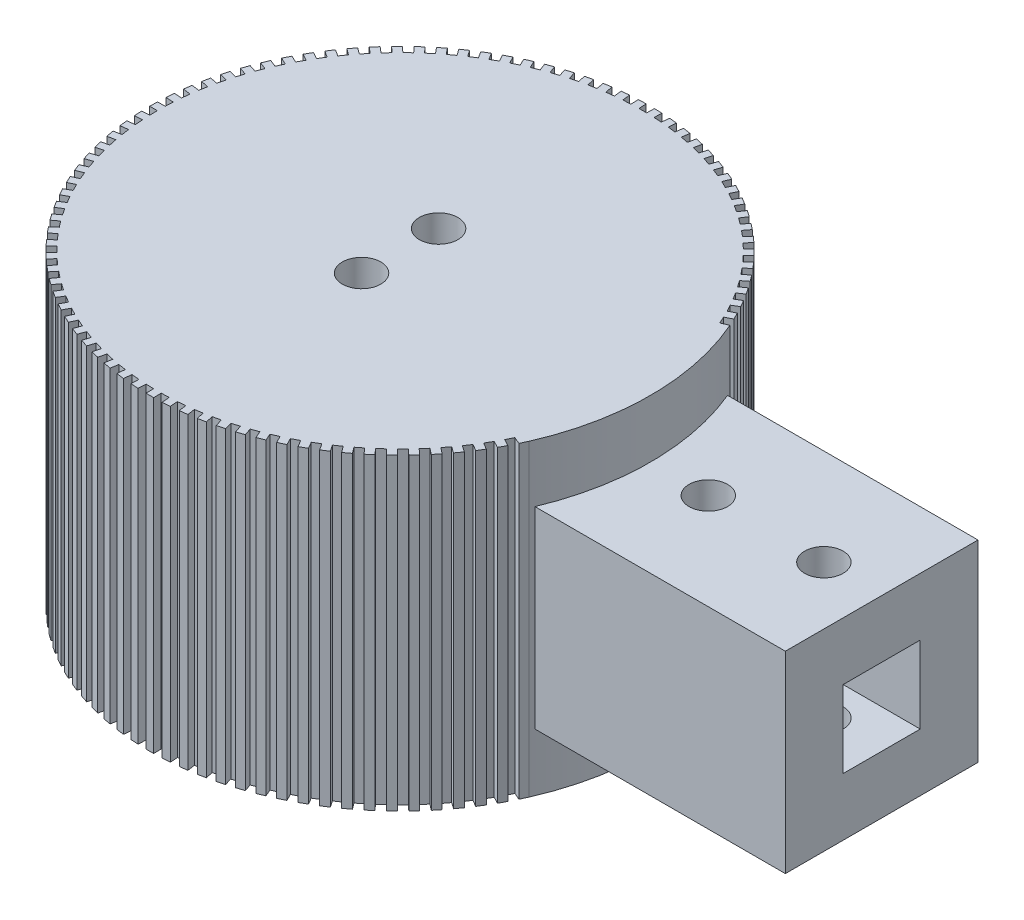
from build123d import *

# Parameters (mm, degrees)
SKETCH1_R               = 32.5
BOSS_EXTRUDE1_DEPTH     = 40
SKETCH2_W               = 10
SKETCH2_H               = 10
BOSS_EXTRUDE2_DEPTH     = 62.5
SKETCH3_R               = 2.5
CUT_EXTRUDE1_DEPTH      = 1
CUT_EXTRUDE1_DEPTH_BACK = 41
SKETCH4_R               = 2.5
CUT_EXTRUDE2_DEPTH      = 8.5
CUT_EXTRUDE2_DEPTH_BACK = 33.5
CUT_EXTRUDE3_DEPTH      = 41


with BuildPart() as part:
    # Sketch1 → Boss-Extrude1 (new body)
    with BuildSketch(Plane(origin=(0, 0, 0), x_dir=(1, 0, 0), z_dir=(0, 1, 0))):
        Circle(SKETCH1_R)
    extrude(amount=BOSS_EXTRUDE1_DEPTH)

    # Sketch2 → Boss-Extrude2 (add)
    with BuildSketch(Plane(origin=(0, 0, 0), x_dir=(0, 0, -1), z_dir=(1, 0, 0))):
        Polygon((0, 32.5), (-12.5, 32.5), (-12.5, 7.5), (12.5, 7.5), (12.5, 32.5), align=None)
        with Locations((0, 20)):
            Rectangle(SKETCH2_W, SKETCH2_H, mode=Mode.SUBTRACT)
    extrude(amount=BOSS_EXTRUDE2_DEPTH)

    # Sketch3 → Cut-Extrude1 (cut, two sides)
    with BuildSketch(Plane(origin=(0, 40, 0), x_dir=(1, 0, 0), z_dir=(0, 1, 0))) as cut_extrude1_sk:
        with Locations((0, 5)):
            Circle(SKETCH3_R)
        with Locations((0, -5)):
            Circle(SKETCH3_R)
    extrude(amount=CUT_EXTRUDE1_DEPTH, mode=Mode.SUBTRACT)
    extrude(cut_extrude1_sk.sketch, amount=-CUT_EXTRUDE1_DEPTH_BACK, mode=Mode.SUBTRACT)

    # Sketch4 → Cut-Extrude2 (cut, two sides)
    with BuildSketch(Plane(origin=(0, 32.5, 0), x_dir=(1, 0, 0), z_dir=(0, 1, 0))) as cut_extrude2_sk:
        with Locations((40, 0)):
            Circle(SKETCH4_R)
        with Locations((55, 0)):
            Circle(SKETCH4_R)
    extrude(amount=CUT_EXTRUDE2_DEPTH, mode=Mode.SUBTRACT)
    extrude(cut_extrude2_sk.sketch, amount=-CUT_EXTRUDE2_DEPTH_BACK, mode=Mode.SUBTRACT)

    # Sketch5 → Cut-Extrude3 (cut, through all)
    with BuildSketch(Plane(origin=(0, 40, 0), x_dir=(1, 0, 0), z_dir=(0, 1, 0))):
        with BuildLine():
            Line((-31.5, 0), (-32.494865573, 0))
            Line((-32.494865573, 0), (-32.479474882, 1))
            Line((-32.479474882, 1), (-31.484122983, 1))
            Line((-31.484122983, 1), (-31.436580309, 1.997853469))
            Line((-31.436580309, 1.997853469), (-32.429442895, 2.060951743))
            Line((-32.429442895, 2.060951743), (-32.350659271, 3.057962282))
            Line((-32.350659271, 3.057962282), (-31.357311338, 2.994833163))
            Line((-31.357311338, 2.994833163), (-31.246576604, 3.987662288))
            Line((-31.246576604, 3.987662288), (-32.233438297, 4.113604761))
            Line((-32.233438297, 4.113604761), (-32.091578973, 5.103611229))
            Line((-32.091578973, 5.103611229), (-31.104234867, 4.97760719))
            Line((-31.104234867, 4.97760719), (-30.930753964, 5.961414197))
            Line((-30.930753964, 5.961414197), (-31.90764102, 6.149693745))
            Line((-31.90764102, 6.149693745), (-31.703277214, 7.128709735))
            Line((-31.703277214, 7.128709735), (-30.725912621, 6.940338149))
            Line((-30.725912621, 6.940338149), (-30.490384094, 7.911161596))
            Line((-30.490384094, 7.911161596), (-31.453362933, 8.161020082))
            Line((-31.453362933, 8.161020082), (-31.187317547, 9.125103443))
            Line((-31.187317547, 9.125103443), (-30.223867969, 8.875122817))
            Line((-30.223867969, 8.875122817), (-29.927240209, 9.82905354))
            Line((-29.927240209, 9.82905354), (-30.872433255, 10.139484872))
            Line((-30.872433255, 10.139484872), (-30.545777559, 11.08475358))
            Line((-30.545777559, 11.08475358), (-29.600122468, 10.774170497))
            Line((-29.600122468, 10.774170497), (-29.24358989, 11.707367353))
            Line((-29.24358989, 11.707367353), (-30.167191185, 12.077121535))
            Line((-30.167191185, 12.077121535), (-29.781240506, 12.999769326))
            Line((-29.781240506, 12.999769326), (-28.857187721, 12.629834395))
            Line((-28.857187721, 12.629834395), (-28.442185956, 13.538539731))
            Line((-28.442185956, 13.538539731), (-29.340476484, 13.966127892))
            Line((-29.340476484, 13.966127892), (-28.896784908, 14.86243959))
            Line((-28.896784908, 14.86243959), (-27.998055264, 14.434642408))
            Line((-27.998055264, 14.434642408), (-27.526255378, 15.315197187))
            Line((-27.526255378, 15.315197187), (-28.395618039, 15.798897581))
            Line((-28.395618039, 15.798897581), (-27.895972157, 16.665264055))
            Line((-27.895972157, 16.665264055), (-27.02618452, 16.18132721))
            Line((-27.02618452, 16.18132721), (-26.499486284, 17.03018575))
            Line((-26.499486284, 17.03018575), (-27.336420462, 17.568050686))
            Line((-27.336420462, 17.568050686), (-26.782832171, 18.400983383))
            Line((-26.782832171, 18.400983383), (-25.94548887, 17.862855519))
            Line((-25.94548887, 17.862855519), (-25.366013112, 18.676599765))
            Line((-25.366013112, 18.676599765), (-26.167148768, 19.266463452))
            Line((-26.167148768, 19.266463452), (-25.561847173, 20.062608446))
            Line((-25.561847173, 20.062608446), (-24.760319893, 19.472456413))
            Line((-24.760319893, 19.472456413), (-24.130399958, 20.247809705))
            Line((-24.130399958, 20.247809705), (-24.892511202, 20.887296969))
            Line((-24.892511202, 20.887296969), (-24.237933639, 21.643448466))
            Line((-24.237933639, 21.643448466), (-23.475449848, 21.003648598))
            Line((-23.475449848, 21.003648598), (-22.7976222, 21.737488862))
            Line((-22.7976222, 21.737488862), (-23.517640279, 22.424024713))
            Line((-23.517640279, 22.424024713), (-22.8164225, 23.137137958))
            Line((-22.8164225, 23.137137958), (-22.096052451, 22.450266504))
            Line((-22.096052451, 22.450266504), (-21.373046464, 23.139638823))
            Line((-21.373046464, 23.139638823), (-22.048072118, 23.870458824))
            Line((-22.048072118, 23.870458824), (-21.303037681, 24.537662361))
            Line((-21.303037681, 24.537662361), (-20.62768205, 23.806485109))
            Line((-20.62768205, 23.806485109), (-19.862409013, 24.448613625))
            Line((-19.862409013, 24.448613625), (-20.489724153, 25.220775022))
            Line((-20.489724153, 25.220775022), (-19.703873048, 25.839382259))
            Line((-19.703873048, 25.839382259), (-19.076251253, 25.066843402))
            Line((-19.076251253, 25.066843402), (-18.271792651, 25.65914249))
            Line((-18.271792651, 25.65914249), (-18.848871301, 26.469536061))
            Line((-18.848871301, 26.469536061), (-18.025367872, 27.037056083))
            Line((-18.025367872, 27.037056083), (-17.448007126, 26.226266363))
            Line((-17.448007126, 26.226266363), (-16.60760223, 26.766351043))
            Line((-16.60760223, 26.766351043), (-17.132120697, 27.61171362))
            Line((-17.132120697, 27.61171362), (-16.274280902, 28.125861226))
            Line((-16.274280902, 28.125861226), (-15.749506032, 27.280085406))
            Line((-15.749506032, 27.280085406), (-14.876538855, 27.765780949))
            Line((-14.876538855, 27.765780949), (-15.346385089, 28.642708554))
            Line((-15.346385089, 28.642708554), (-14.457663147, 29.101413452))
            Line((-14.457663147, 29.101413452), (-13.987587236, 28.224057173))
            Line((-13.987587236, 28.224057173), (-13.08557291, 28.653407854))
            Line((-13.08557291, 28.653407854), (-13.498855004, 29.55836941))
            Line((-13.498855004, 29.55836941), (-12.582829485, 29.959784558))
            Line((-12.582829485, 29.959784558), (-12.169345363, 29.054380624))
            Line((-12.169345363, 29.054380624), (-11.24191598, 29.425657598))
            Line((-11.24191598, 29.425657598), (-11.596969795, 30.355009144))
            Line((-11.596969795, 30.355009144), (-10.65732921, 30.697518185))
            Line((-10.65732921, 30.697518185), (-10.302101831, 29.767712338))
            Line((-10.302101831, 29.767712338), (-9.352991823, 30.079420605))
            Line((-9.352991823, 30.079420605), (-9.648387682, 31.029419971))
            Line((-9.648387682, 31.029419971), (-8.688915631, 31.311643741))
            Line((-8.688915631, 31.311643741), (-8.393375372, 30.361179982))
            Line((-8.393375372, 30.361179982), (-7.426406469, 30.612064402))
            Line((-7.426406469, 30.612064402), (-7.660954917, 31.578886275))
            Line((-7.660954917, 31.578886275), (-6.685514856, 31.799688359))
            Line((-6.685514856, 31.799688359), (-6.450851752, 30.832393869))
            Line((-6.450851752, 30.832393869), (-5.469917597, 31.02144422))
            Line((-5.469917597, 31.02144422), (-5.64267419, 32.001195549))
            Line((-5.64267419, 32.001195549), (-4.655193872, 32.159686855))
            Line((-4.655193872, 32.159686855), (-4.482352828, 31.179456588))
            Line((-4.482352828, 31.179456588), (-3.491403297, 31.305911631))
            Line((-3.491403297, 31.305911631), (-3.601672406, 32.294647304))
            Line((-3.601672406, 32.294647304), (-2.606128065, 32.390189643))
            Line((-2.606128065, 32.390189643), (-2.495805052, 31.40097064))
            Line((-2.495805052, 31.40097064), (-1.498830348, 31.464321184))
            Line((-1.498830348, 31.464321184), (-1.546167958, 32.458059912))
            Line((-1.546167958, 32.458059912), (-0.546568301, 32.490268569))
            Line((-0.546568301, 32.490268569), (-0.49920755, 31.496044066))
            Line((-0.49920755, 31.496044066), (0.499777861, 31.496035022))
            Line((0.499777861, 31.496035022), (0.515562362, 32.490775368))
            Line((0.515562362, 32.490775368), (1.515192302, 32.459520651))
            Line((1.515192302, 32.459520651), (1.499400084, 31.464294039))
            Line((1.499400084, 31.464294039), (2.496373641, 31.400925442))
            Line((2.496373641, 31.400925442), (2.575216695, 32.39266194))
            Line((2.575216695, 32.39266194), (3.570851759, 32.298069699))
            Line((3.570851759, 32.298069699), (3.491970164, 31.305848405))
            Line((3.491970164, 31.305848405), (4.482917406, 31.179375419))
            Line((4.482917406, 31.179375419), (4.624501539, 32.164114695))
            Line((4.624501539, 32.164114695), (5.612132657, 32.006565821))
            Line((5.612132657, 32.006565821), (5.470479312, 31.021345169))
            Line((5.470479312, 31.021345169), (6.451410044, 30.832277056))
            Line((6.451410044, 30.832277056), (6.655165147, 31.806053912))
            Line((6.655165147, 31.806053912), (7.630815477, 31.586182798))
            Line((7.630815477, 31.586182798), (7.426960771, 30.611929924))
            Line((7.426960771, 30.611929924), (8.393925131, 30.361027995))
            Line((8.393925131, 30.361027995), (8.659030755, 31.319921376))
            Line((8.659030755, 31.319921376), (9.618771697, 31.038613365))
            Line((9.618771697, 31.038613365), (9.35353648, 30.079251242))
            Line((9.35353648, 30.079251242), (10.302640844, 29.76752579))
            Line((10.302640844, 29.76752579), (10.628029501, 30.70767457))
            Line((10.628029501, 30.70767457), (11.567996518, 30.366062391))
            Line((11.567996518, 30.366062391), (11.2424488, 29.425454032))
            Line((11.2424488, 29.425454032), (12.169871459, 29.054160264))
            Line((12.169871459, 29.054160264), (12.554232924, 29.971778797))
            Line((12.554232924, 29.971778797), (13.4706411, 29.571238002))
            Line((13.4706411, 29.571238002), (13.086091745, 28.653170904))
            Line((13.086091745, 28.653170904), (13.988098297, 28.22380389))
            Line((13.988098297, 28.22380389), (14.429884882, 29.11519725))
            Line((14.429884882, 29.11519725), (15.319044164, 28.657340674))
            Line((15.319044164, 28.657340674), (14.877041618, 27.765511569))
            Line((14.877041618, 27.765511569), (15.75, 27.279800219))
            Line((15.75, 27.279800219), (16.247432786, 28.141379079))
            Line((16.247432786, 28.141379079), (17.105762845, 27.628050349))
            Line((17.105762845, 27.628050349), (16.608086895, 26.766050319))
            Line((16.608086895, 26.766050319), (17.448482012, 26.225950421))
            Line((17.448482012, 26.225950421), (17.999558013, 27.054245506))
            Line((17.999558013, 27.054245506), (18.823602655, 26.487511617))
            Line((18.823602655, 26.487511617), (18.272257268, 25.658811631))
            Line((18.272257268, 25.658811631), (19.076705145, 25.066497977))
            Line((19.076705145, 25.066497977), (19.679205373, 25.858174036))
            Line((19.679205373, 25.858174036), (20.465646462, 25.240317024))
            Line((20.465646462, 25.240317024), (19.86285171, 24.448253965))
            Line((19.86285171, 24.448253965), (20.628113119, 23.806111592))
            Line((20.628113119, 23.806111592), (21.279611518, 24.557980825))
            Line((21.279611518, 24.557980825), (22.025282334, 23.891488583))
            Line((22.025282334, 23.891488583), (21.373465459, 23.139251809))
            Line((21.373465459, 23.139251809), (22.096458963, 22.449866398))
            Line((22.096458963, 22.449866398), (22.794332179, 23.158901293))
            Line((22.794332179, 23.158901293), (23.496230167, 22.44645755))
            Line((23.496230167, 22.44645755), (22.798015805, 21.737076053))
            Line((22.798015805, 21.737076053), (23.475830165, 21.003223516))
            Line((23.475830165, 21.003223516), (24.217268108, 21.66656904))
            Line((24.217268108, 21.66656904), (24.872566974, 20.911042554))
            Line((24.872566974, 20.911042554), (24.130766589, 20.247372764))
            Line((24.130766589, 20.247372764), (24.760672484, 19.472008066))
            Line((24.760672484, 19.472008066), (25.542689647, 20.08699316))
            Line((25.542689647, 20.08699316), (26.148750733, 19.291426171))
            Line((26.148750733, 19.291426171), (25.366351292, 18.67614045))
            Line((25.366351292, 18.67614045), (25.945812315, 17.862385712))
            Line((25.945812315, 17.862385712), (26.765259789, 18.426534048))
            Line((26.765259789, 18.426534048), (27.319642701, 17.594130023))
            Line((27.319642701, 17.594130023), (26.499794652, 17.029705911))
            Line((26.499794652, 17.029705911), (27.026477517, 16.180837835))
            Line((27.026477517, 16.180837835), (27.880055677, 16.691877787))
            Line((27.880055677, 16.691877787), (28.380528111, 15.825988524))
            Line((28.380528111, 15.825988524), (27.526532691, 15.314698757))
            Line((27.526532691, 15.314698757), (27.998316633, 14.434135434))
            Line((27.998316633, 14.434135434), (28.88258842, 14.890009225))
            Line((28.88258842, 14.890009225), (29.32713515, 13.994121354))
            Line((29.32713515, 13.994121354), (28.442431099, 13.538024715))
            Line((28.442431099, 13.538024715), (28.857416409, 12.629311865))
            Line((28.857416409, 12.629311865), (29.768821174, 13.028183852))
            Line((29.768821174, 13.028183852), (34.69584289, 15.184471613))
            ThreePointArc((34.69584289, 15.184471613), (-37.873073443, 0), (34.69584289, -15.184471613))
            Line((34.69584289, -15.184471613), (29.768821174, -13.028183852))
            Line((29.768821174, -13.028183852), (29.353791097, -13.938121711))
            Line((29.353791097, -13.938121711), (28.441940804, -13.539054742))
            Line((28.441940804, -13.539054742), (27.998316633, -14.434135434))
            Line((27.998316633, -14.434135434), (28.88258842, -14.890009225))
            Line((28.88258842, -14.890009225), (28.410682107, -15.771792251))
            Line((28.410682107, -15.771792251), (27.525978055, -15.315695613))
            Line((27.525978055, -15.315695613), (27.026477517, -16.180837835))
            Line((27.026477517, -16.180837835), (27.880055677, -16.691877787))
            Line((27.880055677, -16.691877787), (27.353173327, -17.54195535))
            Line((27.353173327, -17.54195535), (26.499177908, -17.030665583))
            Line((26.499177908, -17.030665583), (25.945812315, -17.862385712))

• **Assigned task**: From the data above, output exactly the lines between the one containing "18.676599765), (-26.167148768, 19.266463452))" and the one containing "20.062608446), (-24.760319893, 19.472456413))", counting both of them.

• **Your solution**:
            Line((-25.366013112, 18.676599765), (-26.167148768, 19.266463452))
            Line((-26.167148768, 19.266463452), (-25.561847173, 20.062608446))
            Line((-25.561847173, 20.062608446), (-24.760319893, 19.472456413))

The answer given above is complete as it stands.